=== Begin Enclosure ===
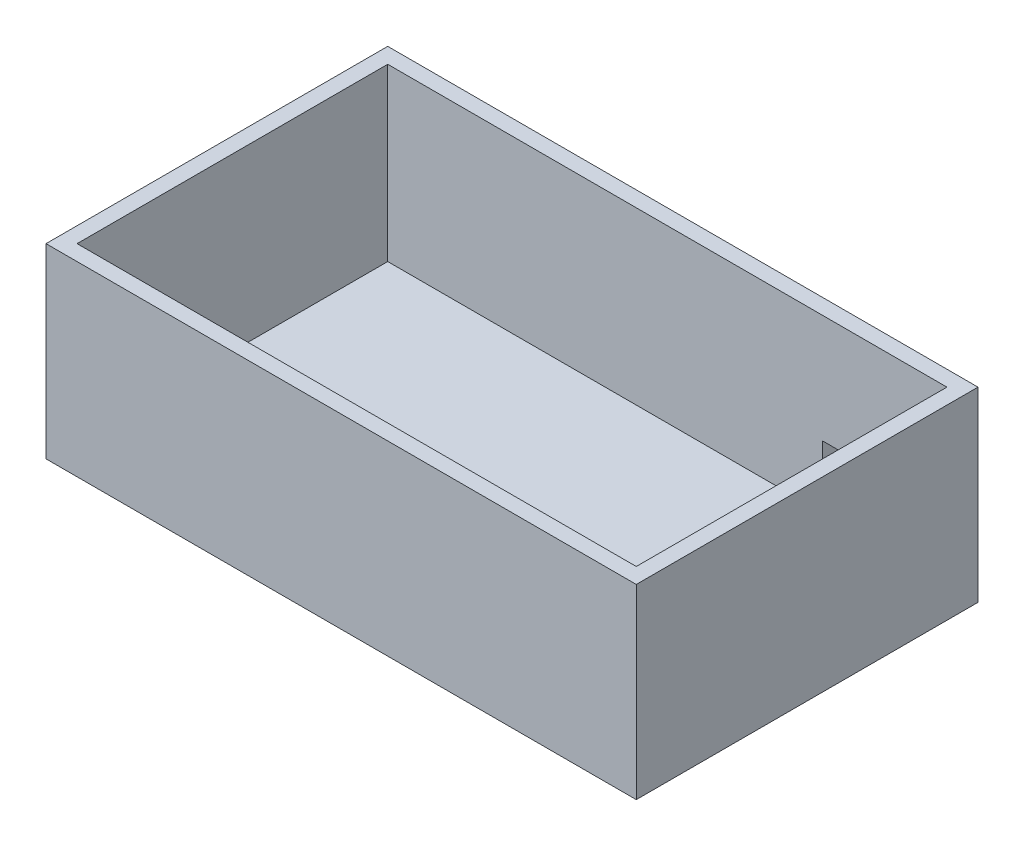
SolidWorks part; units mm, degrees
ref_plane "Front Plane" through (0, 0, 0) normal (0, 0, 1) x (1, 0, 0)
ref_plane "Top Plane" through (0, 0, 0) normal (0, 1, 0) x (1, 0, 0)
ref_plane "Right Plane" through (0, 0, 0) normal (1, 0, 0) x (0, 0, -1)
sketch "Sketch1" plane through (0, 0, 0) normal (0, 1, 0) x (1, 0, 0)
  line L0 (-5, 105) -> (185, 105)
  line L1 (0, 0) -> (180, 0)
  line L2 (0, 0) -> (0, 100)
  line L3 (0, 100) -> (180, 100)
  line L4 (180, 0) -> (180, 100)
  line L5 (185, -5) -> (185, 105)
  line L6 (-5, -5) -> (185, -5)
  line L7 (-5, -5) -> (-5, 105)
  dimension "D1" = 180
  dimension "D2" = 100
  dimension "D3" = 5
extrude "Boss-Extrude1" add sketch "Sketch1" along normal blind 60
sketch "Sketch2" plane through (185, 0, 0) normal (1, 0, 0) x (0, 0, -1)
  line L0 (105, 60) -> (105, 0) construction
  line L1 (-5, 0) -> (105, 0)
  line L2 (-5, 0) -> (-5, 5)
  line L3 (-5, 5) -> (105, 5)
  line L4 (105, 0) -> (105, 5)
  dimension "D1" = 5
extrude "Boss-Extrude2" add sketch "Sketch2" against normal up to surface (190 mm away) up to face at (-5, 30, -50)
sketch "Sketch3" plane through (0, 0, -105) normal (0, 0, -1) x (-1, 0, 0)
  line L0 (-185, 60) -> (-185, 0) construction
  line L1 (-165, 25) -> (-140, 25)
  line L2 (-165, 25) -> (-165, 5)
  line L3 (-165, 5) -> (-140, 5)
  line L4 (-140, 25) -> (-140, 5)
  line L5 (-185, 0) -> (5, 0) construction
  dimension "D1" = 20
  dimension "D2" = 5
  dimension "D3" = 20
  dimension "D4" = 25
extrude "Cut-Extrude1" cut sketch "Sketch3" against normal blind 60
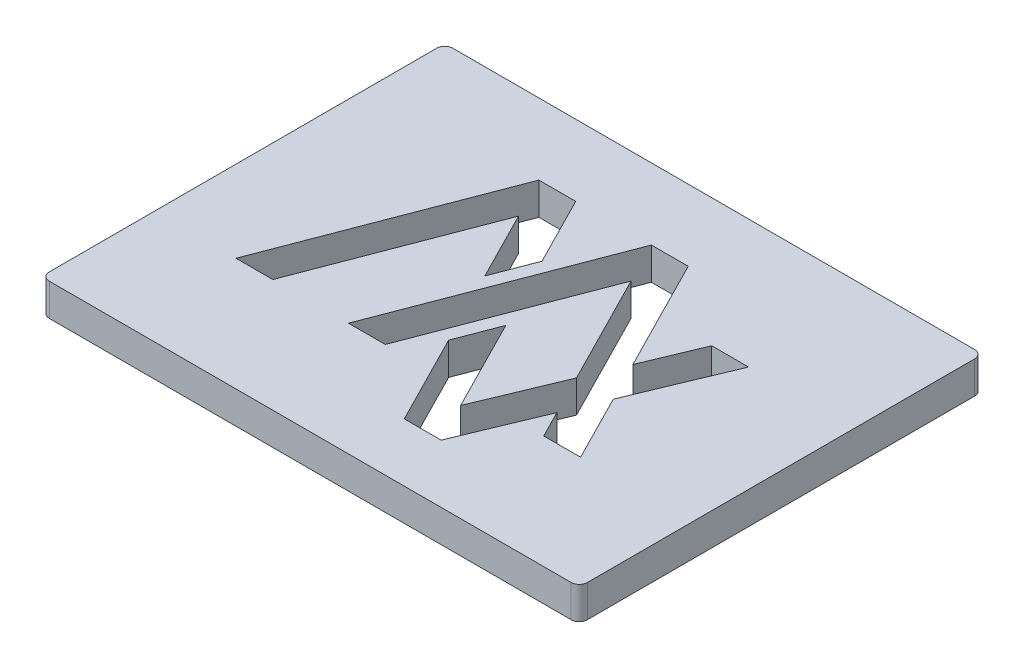
SolidWorks part; units mm, degrees
ref_plane "前视基准面" through (0, 0, 0) normal (0, 0, 1) x (1, 0, 0)
ref_plane "上视基准面" through (0, 0, 0) normal (0, 1, 0) x (1, 0, 0)
ref_plane "右视基准面" through (0, 0, 0) normal (1, 0, 0) x (0, 0, -1)
sketch "Sketch1" plane through (0, 0, 0) normal (0, 1, 0) x (1, 0, 0)
  line L1 (-97, -75) -> (97, -75)
  line L2 (-100, -72) -> (-100, 72)
  line L3 (-97, 75) -> (97, 75)
  line L4 (100, -72) -> (100, 72)
  line L5 (-100, -75) -> (100, 75) construction
  line L6 (-100, 75) -> (100, -75) construction
  arc A0 (97, 75) -> (100, 72) centre (97, 72) cw
  arc A1 (97, -75) -> (100, -72) centre (97, -72) ccw
  arc A2 (-97, -75) -> (-100, -72) centre (-97, -72) cw
  arc A3 (-100, 72) -> (-97, 75) centre (-97, 72) cw
  point P0 (0, 0)
  dimension "D3" = 3
  dimension "D1" = 150
  dimension "D2" = 200
extrude "Boss-Extrude1" add sketch "Sketch1" along normal blind 12
sketch "Sketch2" plane through (0, 12, 0) normal (0, 1, 0) x (1, 0, 0)
  line L0 (-69.6952, -32.9244) -> (-55.9952, -32.9244)
  line L5 (-11.857, 23.007) -> (-17.733, 7.6329)
  line L6 (2.0809, -4.3809) -> (-3.7951, -19.7551)
  line L7 (-69.6952, -32.9244) -> (-38.5559, 48.5499)
  line L8 (-55.9952, -32.9244) -> (-30.7319, 33.1758)
  line L9 (-38.5559, 48.5499) -> (-24.8559, 48.5499)
  line L10 (-38.5559, 48.5499) -> (-24.8559, 48.5499)
  line L11 (-30.7319, 33.1758) -> (-17.733, 7.6329)
  line L12 (-24.8559, 48.5499) -> (-11.857, 23.007)
  line L13 (13.2988, -53.3445) -> (26.9988, -53.3445)
  line L14 (13.2988, -53.3445) -> (26.9988, -53.3445)
  line L15 (19.4645, -38.5396) -> (32.1172, -8.158)
  line L16 (26.9988, -53.3445) -> (39.6515, -22.963)
  line L17 (46.8993, 27.3362) -> (60.5993, 27.3362)
  line L18 (-27.8811, -32.9244) -> (-14.1811, -32.9244)
  line L19 (-27.8811, -32.9244) -> (3.2582, 48.5499)
  line L20 (-14.1811, -32.9244) -> (11.0822, 33.1758)
  line L21 (3.2582, 48.5499) -> (16.9582, 48.5499)
  line L22 (3.2582, 48.5499) -> (16.9582, 48.5499)
  line L23 (11.0822, 33.1758) -> (32.1172, -8.158)
  line L24 (16.9582, 48.5499) -> (38.2829, 6.6469)
  line L25 (44.721, -32.9244) -> (58.421, -32.9244)
  line L26 (2.0809, -4.3809) -> (19.4645, -38.5396)
  line L27 (-3.7951, -19.7551) -> (13.2988, -53.3445)
  line L28 (39.6515, -22.963) -> (44.721, -32.9244)
  line L29 (45.8172, -8.158) -> (58.421, -32.9244)
  line L30 (38.2829, 6.6469) -> (46.8993, 27.3362)
  line L31 (45.8172, -8.158) -> (60.5993, 27.3362)
  point P0 (-11.8982, 5.3225)
  point P5 (-14.795, 15.32)
  point P17 (10.1082, 48.5499)
  dimension "D1" = 13.7
  dimension "D2" = 5
  dimension "D3" = 5
extrude "Cut-Extrude1" cut sketch "Sketch2" against normal blind 12 contours L12 L9 L7 L0 L8 L11 L5 | L29 L31 L17 L30 L24 L21 L19 L18 L20 L23 L15 L26 L6 L27 L13 L16 L28 L25
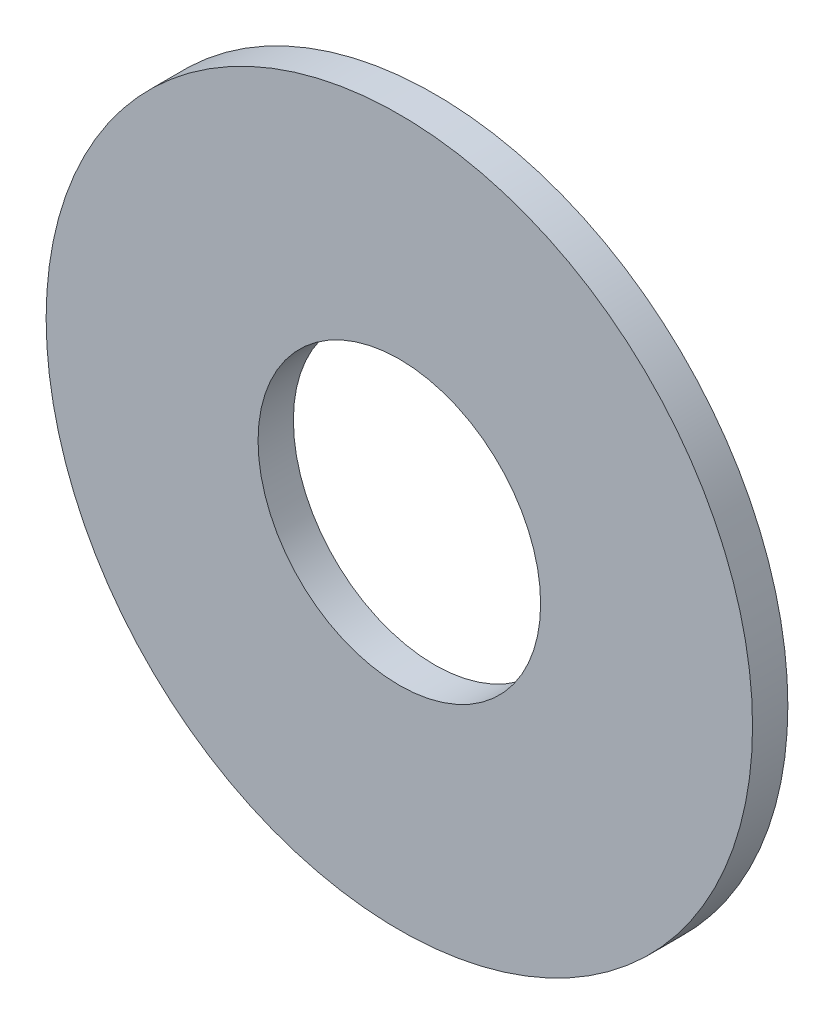
SolidWorks part; units mm, degrees
ref_plane "Plano frontal" through (0, 0, 0) normal (0, 0, 1) x (1, 0, 0)
ref_plane "Plano superior" through (0, 0, 0) normal (0, 1, 0) x (1, 0, 0)
ref_plane "Plano direito" through (0, 0, 0) normal (1, 0, 0) x (0, 0, -1)
sketch "Esboço1" plane through (0, 0, 0) normal (0, 0, 1) x (1, 0, 0)
  circle A0 centre (0, 0) radius 10
  circle A1 centre (0, 0) radius 4
extrude "Ressalto-extrusão1" add sketch "Esboço1" along normal blind 1
=== End Enclosure ===
— The task —
When the word "circle" shows up in a line of the entries, report that line.

— Result of the exercise —
  circle A0 centre (0, 0) radius 10
  circle A1 centre (0, 0) radius 4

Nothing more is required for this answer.